Every line from the start of the records through the line with "Length unit declared in the file: millimetre" is to be written out exactly; pictures are not.

Excerpts from a dataset
::::
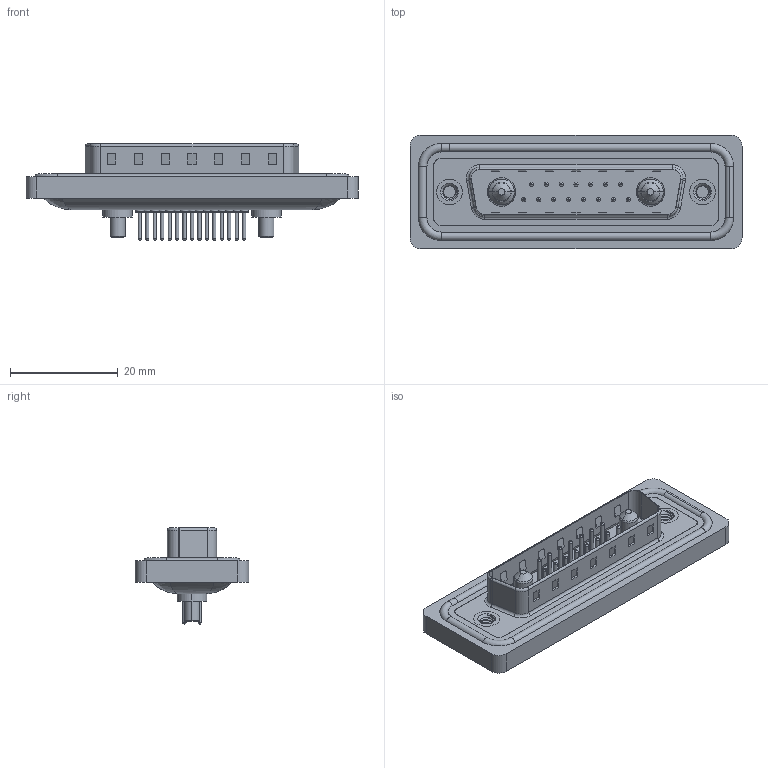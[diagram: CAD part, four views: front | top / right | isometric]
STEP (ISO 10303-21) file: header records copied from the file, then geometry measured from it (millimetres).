
FILE_DESCRIPTION (( 'STEP AP203' ), '1' );
FILE_NAME ('627W17W2224-2N2.STEP', '2024-03-19T20:31:09', ( '' ), ( '' ), 'SwSTEP 2.0', 'SolidWorks 2023', '' );
FILE_SCHEMA (( 'CONFIG_CONTROL_DESIGN' ));
Length unit declared in the file: millimetre
Products named in the file (9): 627Combo Housing_17W2; 627W17W2224-2N2; 627Combo Threaded Rivet_2; 627Combo Shell Front_25 Contacts; 627Combo Waterproof Housing_25 Contacts; Power Pin_20A S; 627Combo Contact Row 2_24; 627Combo Contact Row 1_24; 627Combo Shell Rear_25 Contacts
Assembly tree (23 placements, depth 2):
  627W17W2224-2N2
    627Combo Housing_17W2
    627Combo Waterproof Housing_25 Contacts
    627Combo Shell Rear_25 Contacts
    627Combo Shell Front_25 Contacts
    627Combo Threaded Rivet_2  x2
    Power Pin_20A S  x2
    627Combo Contact Row 1_24  x7
    627Combo Contact Row 2_24  x8
Bounding box: 61.75 x 21.1 x 17.9 mm (x, y, z)
Volume: 7266.4 mm3; surface area: 11914 mm2
Topology: 26 solids, 26 shells, 1116 faces, 2499 edges, 1529 vertices
Faces by surface type: cylinder 436, plane 334, torus 308, cone 26, bspline 12
Entity records: 22914 total; most frequent: CARTESIAN_POINT 5249, DIRECTION 3652, ORIENTED_EDGE 3228, EDGE_CURVE 1614, AXIS2_PLACEMENT_3D 1419, VERTEX_POINT 1019, VECTOR 814, LINE 814
::::
▶ _TASK ANSWER_
[diagram: CAD part, four views: front | top / right | isometric]
STEP (ISO 10303-21) file: header records copied from the file, then geometry measured from it (millimetres).
FILE_DESCRIPTION (( 'STEP AP203' ), '1' );
FILE_NAME ('627W17W2224-2N2.STEP', '2024-03-19T20:31:09', ( '' ), ( '' ), 'SwSTEP 2.0', 'SolidWorks 2023', '' );
FILE_SCHEMA (( 'CONFIG_CONTROL_DESIGN' ));
Length unit declared in the file: millimetre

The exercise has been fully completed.